▸ **Task objective**
Once the line with "upright = [0.07, 0.07, 0.2];" is found in the data, output it and each following line exactly, up to and including the line with "if musclebl", and nothing before or after.

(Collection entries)
= = = = = = =

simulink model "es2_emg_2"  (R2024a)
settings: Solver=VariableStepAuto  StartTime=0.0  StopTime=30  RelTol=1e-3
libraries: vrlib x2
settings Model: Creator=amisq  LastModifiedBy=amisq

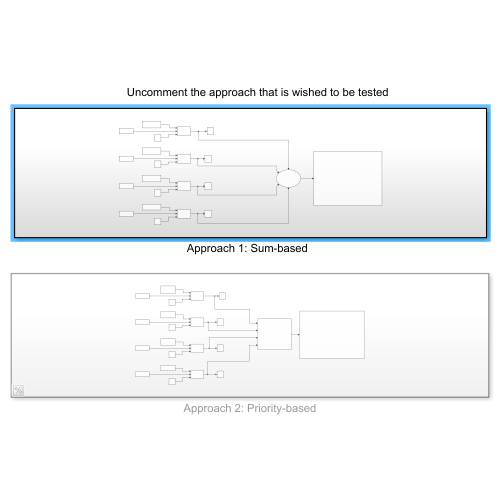
[thumbnail: Simulink's stored preview of the top-level diagram]
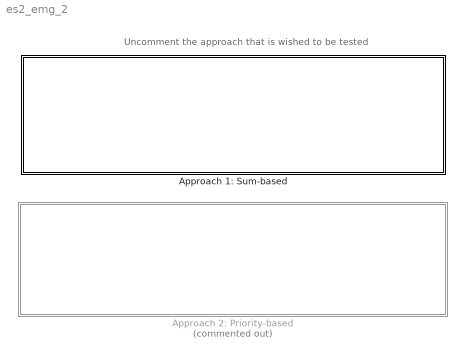
== system es2_emg_2 ==
  note: Uncomment the approach that is wished to be tested
  "Approach 1: Sum-based  " : Subsystem
  Approach 2: Priority-based : Subsystem  Commented=on

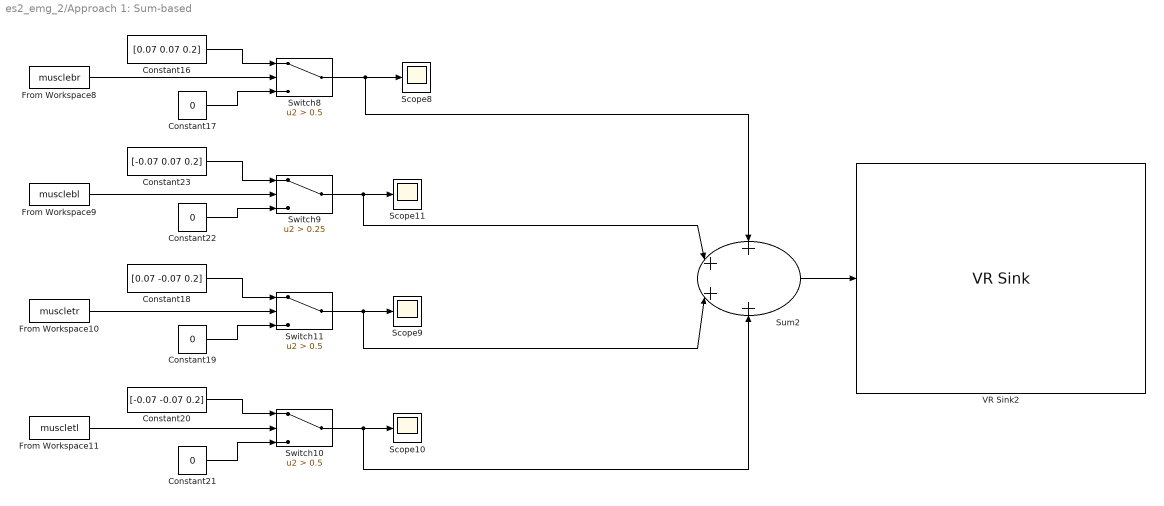
== system es2_emg_2/Approach 1: Sum-based   ==
  Constant16 : Constant  Value=[0.07 0.07 0.2]
  Constant{17,19,21..22} (4 alike) : Constant  Value=0
  Constant18 : Constant  Value=[0.07 -0.07 0.2]
  Constant20 : Constant  Value=[-0.07 -0.07 0.2]
  Constant23 : Constant  Value=[-0.07 0.07 0.2]
  From Workspace10 : FromWorkspace  VariableName=muscletr  SampleTime=0.05
  From Workspace11 : FromWorkspace  VariableName=muscletl  SampleTime=0.05
  From Workspace8 : FromWorkspace  VariableName=musclebr  SampleTime=0.05
  From Workspace9 : FromWorkspace  VariableName=musclebl  SampleTime=0.05
  Scope{8..11} (4 alike) : Scope
  Sum2 : Sum  Inputs=++++
  Switch10 : Switch  Criteria=u2 > Threshold  Threshold=0.5  SaturateOnIntegerOverflow=off  InputSameDT=off
  Switch11 : Switch  Criteria=u2 > Threshold  Threshold=0.5  SaturateOnIntegerOverflow=off  InputSameDT=off
  Switch8 : Switch  Criteria=u2 > Threshold  Threshold=0.5  SaturateOnIntegerOverflow=off  InputSameDT=off
  Switch9 : Switch  Criteria=u2 > Threshold  Threshold=0.25  SaturateOnIntegerOverflow=off  InputSameDT=off
  VR Sink2 : vrlib/VR Sink  InstantiateOnLoad=on  SampleTime=0.03  ViewEnable=on  RemoteChange=off  RemoteView=off  FieldsWritten=cursor.translation.3.1.1.double  WorldFileName=8_palline_color.wrl  AutoView=off  VideoDimensions=[]  AllowVariableSize=off
  wires:
  Constant19/1 -> Switch11/3
  Constant20/1 -> Switch10/1
  Constant21/1 -> Switch10/3
  From Workspace10/1 -> Switch11/2
  From Workspace8/1 -> Switch8/2
  Switch8/1 -> Sum2/1, Scope8/1
  From Workspace11/1 -> Switch10/2
  Switch10/1 -> Sum2/4, Scope10/1
  From Workspace9/1 -> Switch9/2
  Constant22/1 -> Switch9/3
  Sum2/1 -> VR Sink2/1
  Constant16/1 -> Switch8/1
  Switch9/1 -> Sum2/2, Scope11/1
  Constant18/1 -> Switch11/1
  Constant23/1 -> Switch9/1
  Switch11/1 -> Sum2/3, Scope9/1
  Constant17/1 -> Switch8/3

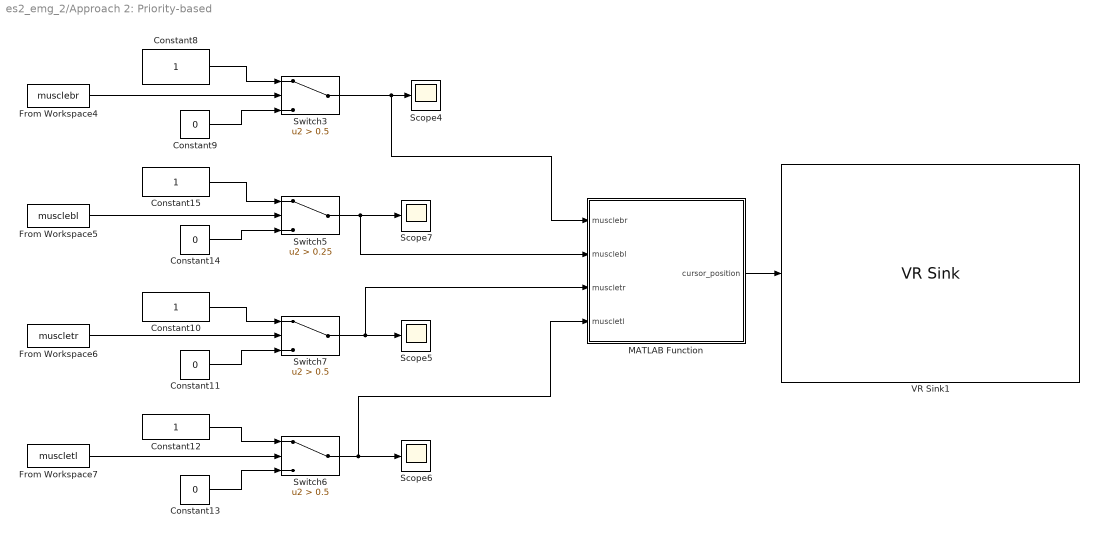
== system es2_emg_2/Approach 2: Priority-based ==
  Constant{8,10,12,15} (4 alike) : Constant
  Constant{9,11,13..14} (4 alike) : Constant  Value=0
  From Workspace4 : FromWorkspace  VariableName=musclebr  SampleTime=0.05
  From Workspace5 : FromWorkspace  VariableName=musclebl  SampleTime=0.05
  From Workspace6 : FromWorkspace  VariableName=muscletr  SampleTime=0.05
  From Workspace7 : FromWorkspace  VariableName=muscletl  SampleTime=0.05
  MATLAB Function : MATLAB Function  TreatAsAtomicUnit=on
  Scope{4..7} (4 alike) : Scope
  Switch3 : Switch  Criteria=u2 > Threshold  Threshold=0.5  SaturateOnIntegerOverflow=off  InputSameDT=off
  Switch5 : Switch  Criteria=u2 > Threshold  Threshold=0.25  SaturateOnIntegerOverflow=off  InputSameDT=off
  Switch6 : Switch  Criteria=u2 > Threshold  Threshold=0.5  SaturateOnIntegerOverflow=off  InputSameDT=off
  Switch7 : Switch  Criteria=u2 > Threshold  Threshold=0.5  SaturateOnIntegerOverflow=off  InputSameDT=off
  VR Sink1 : vrlib/VR Sink  InstantiateOnLoad=on  SampleTime=0.01  ViewEnable=on  RemoteChange=off  RemoteView=off  FieldsWritten=cursor.translation.3.1.1.double  WorldFileName=8_palline_color.wrl  AutoView=off  VideoDimensions=[]  AllowVariableSize=off
  wires:
  From Workspace4/1 -> Switch3/2
  From Workspace7/1 -> Switch6/2
  Switch6/1 -> MATLAB Function/4(muscletl), Scope6/1
  Constant11/1 -> Switch7/3
  MATLAB Function/1(cursor_position) -> VR Sink1/1
  Constant14/1 -> Switch5/3
  Constant15/1 -> Switch5/1
  Switch5/1 -> MATLAB Function/2(musclebl), Scope7/1
  Switch3/1 -> MATLAB Function/1(musclebr), Scope4/1
  Constant9/1 -> Switch3/3
  Constant12/1 -> Switch6/1
  Constant8/1 -> Switch3/1
  From Workspace5/1 -> Switch5/2
  Constant13/1 -> Switch6/3
  Switch7/1 -> Scope5/1, MATLAB Function/3(muscletr)
  From Workspace6/1 -> Switch7/2
  Constant10/1 -> Switch7/1

== matlab function es2_emg_2/Approach 2: Priority-based/MATLAB Function ==
  data: musclebr input; cursor_position output; musclebl input; muscletr input; muscletl input
function cursor_position = control_cursor(musclebr, musclebl, muscletr, muscletl)
    % Define the position vectors for the cardinal directions
    upright = [0.07, 0.07, 0.2];     % Muscle 1 (up)
    upleft = [-0.07, 0.07, 0.2];     % Muscle 2 (down)
    downright = [0.07, -0.07, 0.2];  % Muscle 3 (right)
    downleft = [-0.07, -0.07, 0.2];  % Muscle 4 (left)

    % Priority system: prioritize muscles in a specific order
    if musclebl
        cursor_position = upleft; % Priority 1: Up right
    elseif musclebr
        cursor_position = upright; % Priority 2: Up left 
    elseif muscletr
        cursor_position = downright; % Priority 3: Down right
    elseif muscletl
        cursor_position = downleft; % Priority 4: Down left
    else
        cursor_position = [0, 0, 0.2]; % No muscles active, no movement
    end
end

= = = = = = =

▸ **Result of the task**
    upright = [0.07, 0.07, 0.2];     % Muscle 1 (up)
    upleft = [-0.07, 0.07, 0.2];     % Muscle 2 (down)
    downright = [0.07, -0.07, 0.2];  % Muscle 3 (right)
    downleft = [-0.07, -0.07, 0.2];  % Muscle 4 (left)

    % Priority system: prioritize muscles in a specific order
    if musclebl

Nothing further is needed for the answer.